→ **ACTIVITY**:
When you copy the data, keep every word exactly as it is and leave the pictures out.
======== ENTRIES SUPPLIED
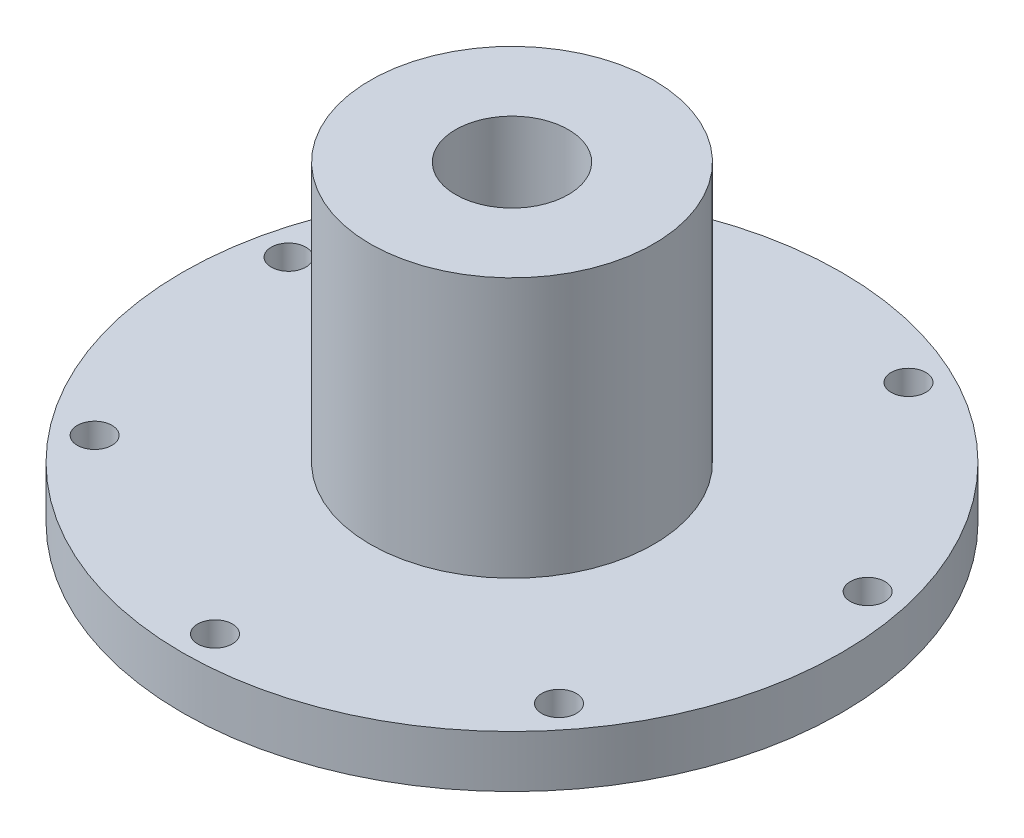
SolidWorks part; units mm, degrees
ref_plane "Front Plane" through (0, 0, 0) normal (0, 0, 1) x (1, 0, 0)
ref_plane "Top Plane" through (0, 0, 0) normal (0, 1, 0) x (1, 0, 0)
ref_plane "Right Plane" through (0, 0, 0) normal (1, 0, 0) x (0, 0, -1)
sketch "Sketch1" plane through (0, 0, 0) normal (0, 1, 0) x (1, 0, 0)
  circle A0 centre (0, 0) radius 3.25
  circle A1 centre (0, 0) radius 8.175
  circle A2 centre (0, 0) radius 19
  point P25 (0, 0)
extrude "Boss-Extrude1" add sketch "Sketch1" along normal blind 15 and the other way blind 3 contours A1 A0 region at (-7.9438, 0, 0)
extrude "Boss-Extrude2" add sketch "Sketch1<3>" against normal blind 3 separate body contours A2 A1 region at (-18.4626, 0, 0)
sketch "Sketch1<3>" plane through (0, 0, 0) normal (0, 1, 0) x (1, 0, 0) same geometry as "Sketch1"
sketch "Sketch2" plane through (0, 0, 0) normal (1, 0, 0) x (0, 0, -1)
  circle A0 centre (0, 6.7029) radius 2.5
extrude "Cut-Extrude1" cut sketch "Sketch2" against normal blind 15
sketch "Sketch3" plane through (0, -3, 0) normal (0, -1, 0) x (1, 0, 0)
  circle A1 centre (0, 17.1255) radius 1
  circle A2 centre (13.3892, 10.6776) radius 1
  circle A3 centre (16.6961, -3.8108) radius 1
  circle A4 centre (7.4305, -15.4295) radius 1
  circle A5 centre (-7.4305, -15.4295) radius 1
  circle A6 centre (-16.6961, -3.8108) radius 1
  circle A7 centre (-13.3892, 10.6776) radius 1
  point P14 (0, 0)
  dimension "D1" = 7
extrude "Cut-Extrude2" cut sketch "Sketch3" against normal through all and the other way through all
sketch "Sketch4" plane through (0, -3, 0) normal (0, -1, 0) x (1, 0, 0)
  circle A0 centre (0, 0) radius 4.175
extrude "Boss-Extrude4" add sketch "Sketch4" along normal blind 10 contours A0
extrude "Cut-Extrude3" cut sketch "Sketch1<5>" against normal blind 13 and the other way blind 15 contours A0
sketch "Sketch1<5>" plane through (0, 0, 0) normal (0, 1, 0) x (1, 0, 0) same geometry as "Sketch1"
================
→ **COMPLETED TASK**:
SolidWorks part; units mm, degrees
ref_plane "Front Plane" through (0, 0, 0) normal (0, 0, 1) x (1, 0, 0)
ref_plane "Top Plane" through (0, 0, 0) normal (0, 1, 0) x (1, 0, 0)
ref_plane "Right Plane" through (0, 0, 0) normal (1, 0, 0) x (0, 0, -1)
sketch "Sketch1" plane through (0, 0, 0) normal (0, 1, 0) x (1, 0, 0)
  circle A0 centre (0, 0) radius 3.25
  circle A1 centre (0, 0) radius 8.175
  circle A2 centre (0, 0) radius 19
  point P25 (0, 0)
extrude "Boss-Extrude1" add sketch "Sketch1" along normal blind 15 and the other way blind 3 contours A1 A0 region at (-7.9438, 0, 0)
extrude "Boss-Extrude2" add sketch "Sketch1<3>" against normal blind 3 separate body contours A2 A1 region at (-18.4626, 0, 0)
sketch "Sketch1<3>" plane through (0, 0, 0) normal (0, 1, 0) x (1, 0, 0) same geometry as "Sketch1"
sketch "Sketch2" plane through (0, 0, 0) normal (1, 0, 0) x (0, 0, -1)
  circle A0 centre (0, 6.7029) radius 2.5
extrude "Cut-Extrude1" cut sketch "Sketch2" against normal blind 15
sketch "Sketch3" plane through (0, -3, 0) normal (0, -1, 0) x (1, 0, 0)
  circle A1 centre (0, 17.1255) radius 1
  circle A2 centre (13.3892, 10.6776) radius 1
  circle A3 centre (16.6961, -3.8108) radius 1
  circle A4 centre (7.4305, -15.4295) radius 1
  circle A5 centre (-7.4305, -15.4295) radius 1
  circle A6 centre (-16.6961, -3.8108) radius 1
  circle A7 centre (-13.3892, 10.6776) radius 1
  point P14 (0, 0)
  dimension "D1" = 7
extrude "Cut-Extrude2" cut sketch "Sketch3" against normal through all and the other way through all
sketch "Sketch4" plane through (0, -3, 0) normal (0, -1, 0) x (1, 0, 0)
  circle A0 centre (0, 0) radius 4.175
extrude "Boss-Extrude4" add sketch "Sketch4" along normal blind 10 contours A0
extrude "Cut-Extrude3" cut sketch "Sketch1<5>" against normal blind 13 and the other way blind 15 contours A0
sketch "Sketch1<5>" plane through (0, 0, 0) normal (0, 1, 0) x (1, 0, 0) same geometry as "Sketch1"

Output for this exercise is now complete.